I'm generally interested in Table Representation Learning (TRL), with a particular focus on:
  • (Relational) Table Embeddings
  • Generative Models (e.g. LLMs) for Relational Data, e.g. for QA/text2sql, data wrangling, etc
  • Retrieval over Tabular Data sources (data lakes, relational databases)
  • End-to-end (Agentic) Systems for Data Analysis and Data Science over Tabular Data
  • To stay updated on relevant events/updates from the broader git sTRL community, consider joining theTRL Discord, TRL Bluesky, and TRL Mailinglist.

    Selected projects

    The projects below reflect my main research interest. But I enjoy working on other topics too. Check my profile on Google Scholar for my full publication record.

    TARGET Benchmark [TRL@NeurIPS, 2024]
    The first benchmark for evaluating table retrieval methods in generative pipelines (e.g. RAG) over structured data.
    paper | website

    Dataset Search [HILDA@SIGMOD, 2024]
    1) Survey results surfacing why, what, and how is searched for data, open challenges, and system desiderata.
    2) System (tbc).
    1) paper survey

    SchemaPile [SIGMOD 2024]
    A dataset of approximately 221K real-world database schemas extracted from SQL files from GitHub.
    paper | dataset | code

    Observatory [PVLDB, TRL@NeurIPS, 2023]
    1) Framework for analyzing table embeddings based on the relational model, and desiderata for TRL models.
    2) Library for extracting table embeddings on row- column-, cell-level.
    1) analysis paper | 2) library paper | code

    GitTables [SIGMOD, 2023]
    Corpus of 1.7M relational tables extracted from GitHub CSVs. Columns annotated w/ semantic types.
    paper | website | dataset | code | video presentation | slides | podcast

    AdaTyper [CIDR, 2022]
    Adaptive semantic column type detection system focusing on productization in industry contexts.
    paper | video presentation

    Sherlock [KDD, 2019]
    DL method for semantic data type detection of table columns (top-5 MIT Media Lab repos, 2 Aug 23).
    paper | website | code

    VizNet [CHI, 2019]
    Corpus of over 31 million datasets from open data repositories, for benchmarking visualization studies.
    paper | website

    Recent news

  • Launched a Table Representation Learning initiative at ELLIS unit Amsterdam

    Nov 27, 2024

    Very excited to have established the new research theme on Table Representation Learning at ELLIS unit Amsterdam! From this establishment, I will soon organize a monthly seminar and workshops on TRL. The first ELLIS workshop around TRL is on 27 February in Amsterdam!

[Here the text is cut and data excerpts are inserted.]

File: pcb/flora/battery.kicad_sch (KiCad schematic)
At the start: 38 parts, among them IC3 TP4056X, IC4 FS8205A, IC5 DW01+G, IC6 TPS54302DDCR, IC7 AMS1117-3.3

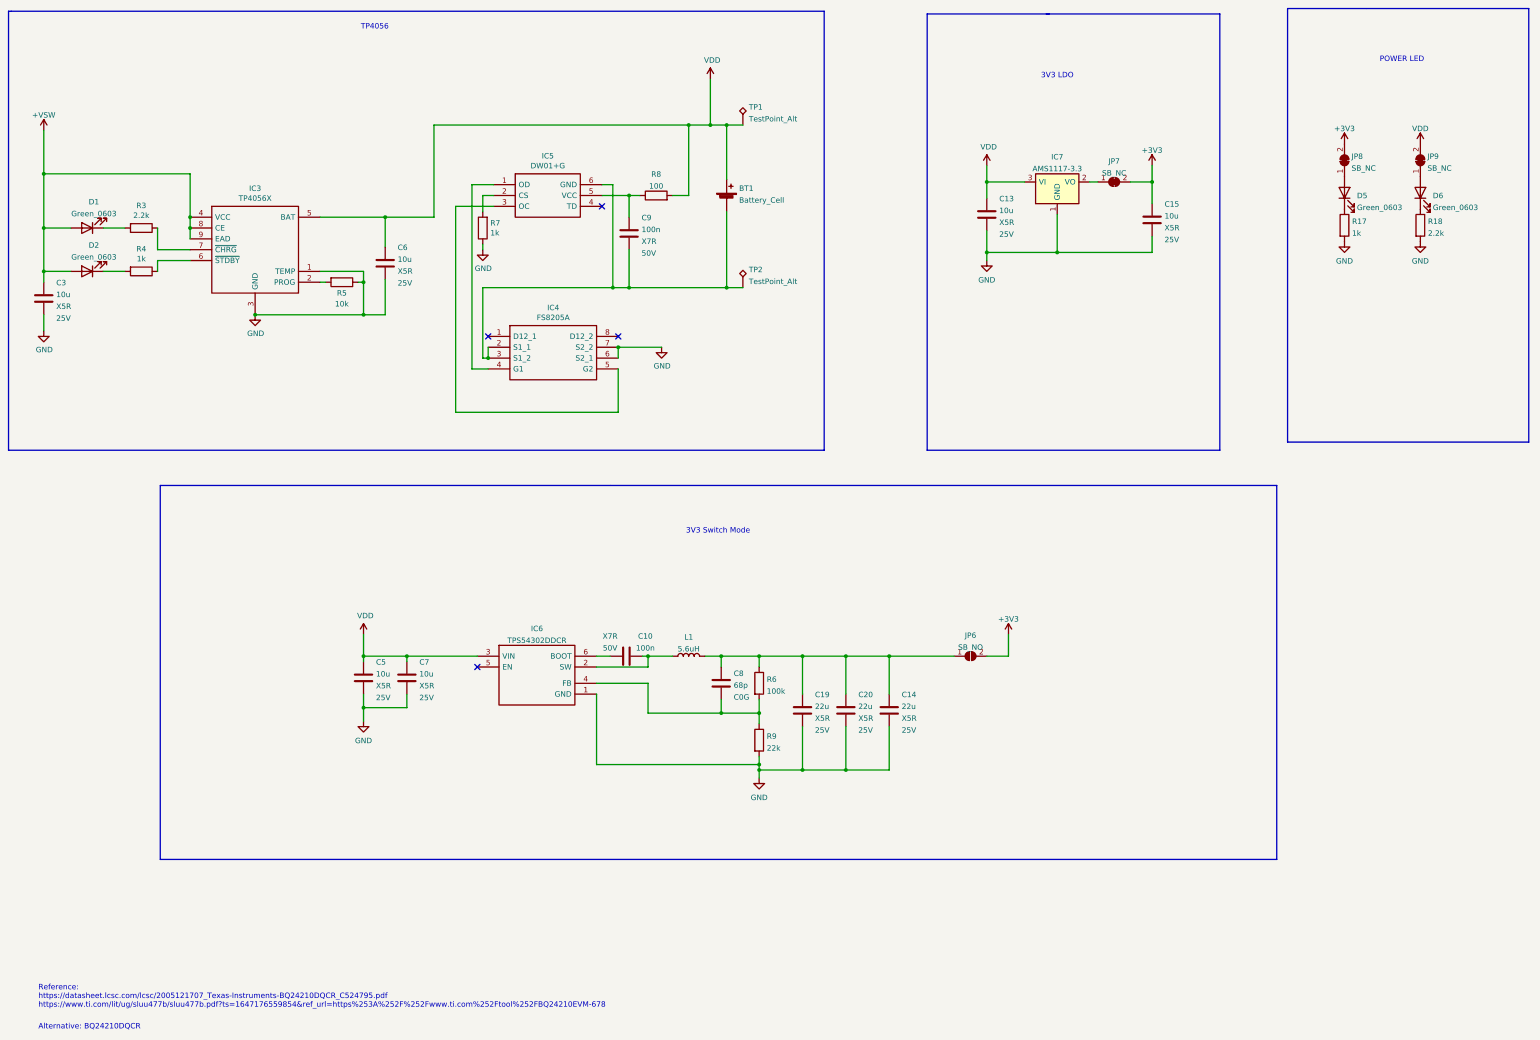
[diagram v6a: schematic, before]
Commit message: Finished schematic for RA-01 design
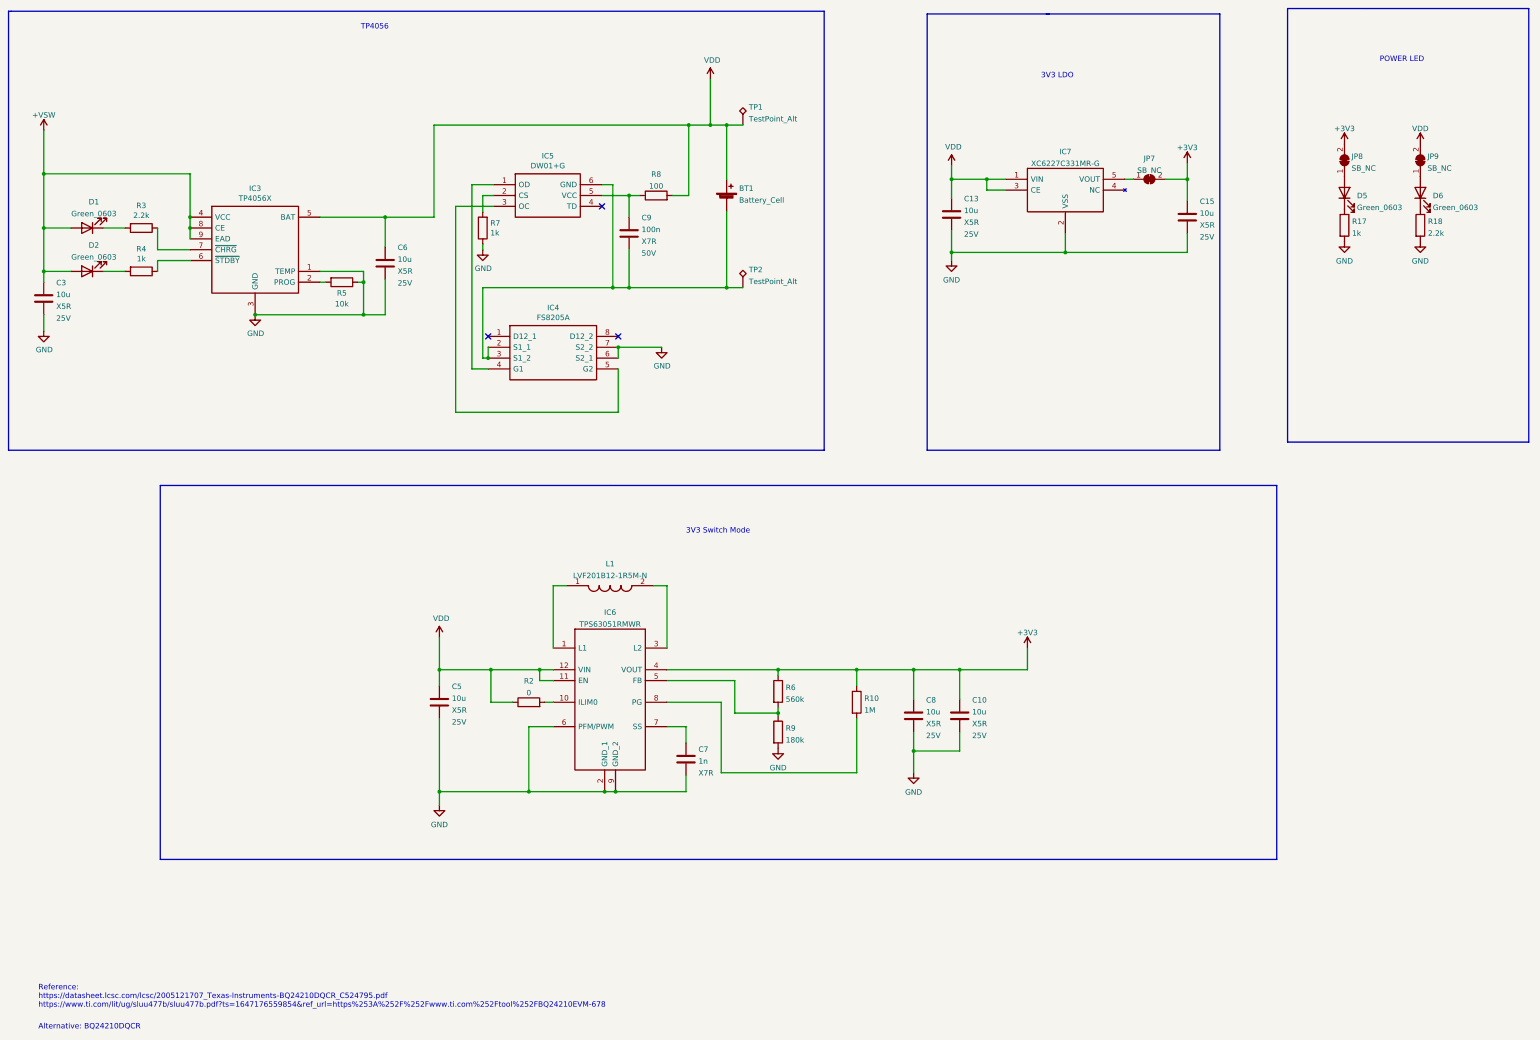
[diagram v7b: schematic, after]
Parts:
- removed C10: 100n, Capacitor_SMD:C_0402_1005Metric, symbol Capacitor_JLC:100n
- removed C14, C19, C20: 22u, Capacitor_SMD:C_0805_2012Metric, symbol Capacitor_JLC:22u
- removed C7: 10u, Capacitor_SMD:C_0805_2012Metric, symbol Capacitor_JLC:10u
- removed C8: 68p, Capacitor_SMD:C_0402_1005Metric, symbol Capacitor_JLC:68p
- removed IC6: TPS54302DDCR, SOT95P280X110-6N, symbol Power-Drivers_JLC:TPS54302DDCR
- removed IC7: AMS1117-3.3, Package_TO_SOT_SMD:SOT-223-3_TabPin2, symbol Power-Drivers_JLC:AMS1117-3.3
- removed JP6: SB_NO, Jumper:SolderJumper-2_P1.3mm_Open_TrianglePad1.0x1.5mm, symbol personal:SB_NO
- removed L1: 5.6uH, SamacSys_Parts:INDPM4040X300N, symbol Inductor_JLC:5.6uH
- removed R6: 100k, Resistor_SMD:R_0402_1005Metric, symbol Resistor_JLC:100k
- removed R9: 22k, Resistor_SMD:R_0402_1005Metric, symbol Resistor_JLC:22k
- added C10, C8: 10u, Capacitor_SMD:C_0805_2012Metric, symbol Capacitor_JLC:10u
- added C7: 1n, Capacitor_SMD:C_0402_1005Metric, symbol Capacitor_JLC:1n
- added IC6: TPS63051RMWR, QFN50P250X250X100-12N-D, symbol Power-Drivers_JLC:TPS63051RMWR
- added IC7: XC6227C331MR-G, SOT95P280X130-5N, symbol Power-Drivers_JLC:XC6227C331MR-G
- added L1: LVF201B12-1R5M-N, LVF201B121R5MN, symbol Inductor_JLC:LVF201B12-1R5M-N
- added R10: 1M, Resistor_SMD:R_0402_1005Metric, symbol Resistor_JLC:1M
- added R2: 0, Resistor_SMD:R_0805_2012Metric_Pad1.20x1.40mm_HandSolder, symbol Resistor_JLC:0
- added R6: 560k, Resistor_SMD:R_0603_1608Metric, symbol Resistor_JLC:560k
- added R9: 180k, Resistor_SMD:R_0402_1005Metric, symbol Resistor_JLC:180k
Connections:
- net +3V3: now also C10.1, C8.1, IC6.4 (VOUT), R10.1, R6.1
- net GND: now also C10.2, C7.2, C8.2, IC6.2 (GND_1), IC6.6 (PFM/PWM), IC6.9 (GND_2), IC7.2 (VSS), R9.2
- net VDD: now also IC6.11 (EN), IC6.12 (VIN), IC7.1 (VIN), IC7.3 (CE), R2.1
- net at JP7.1 (A): now also IC7.5 (VOUT)
- new net: IC6.5 (FB), R6.2, R9.1
- new net: C7.1, IC6.7 (SS)
- new net: IC6.10 (ILIM0), R2.2
- new net: IC6.1 (L1), L1.1
- new net: IC6.3 (L2), L1.2
- new net: IC6.8 (PG), R10.2
- no-connect marks 4 -> 3
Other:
- title: FLORA -> FLORA-RA01H
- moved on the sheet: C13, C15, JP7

  • Joined the ELLIS society

    Aug 27, 2024

    As I am moving back from the Bay Area to Amsterdam – permanently, this time :) – I am very excited to become member of the European Laboratory for Learning and Intelligent Systems (ELLIS) society, and strengthen the roots of my research around TRL in Europe. Expect some “TRL in Europe” initatives to come soon..!

  • Table Representation Learning workshop @ NeurIPS 2024

    Aug 26, 2024

    Excited to organize the third edition of the Table Representation Learning workshop at NeurIPS 2024! Besides hosting the latest work on models/performance/applications of representation learning and generative models over tables (looking forward!), we’ll have some exciting announcements to share with the TRL community..

  • SIGMOD recap!

    Jun 20, 2024

    Attended SIGMOD in Chile! It was fun and busy, Santiago was lovely. Co-organized the DEEM workshop and presented the survey on dataset search in practice at HILDA. Generally, discussions and talks about retrieval, (structured) data semantics, and vector databases had my particular interest this year.

  • Awarded AiNed Fellowship Grant funding 5-year research project at CWI

    Mar 20, 2024

    Thrilled to share that I’m awarded the AiNed Fellowship Grant (worth $1M) to lead the 5-year DataLibra research project at CWI in Amsterdam starting fall 2024. DataLibra is focused on democratizing insight retrieval from structured data through representation learning and generative models for relational tables.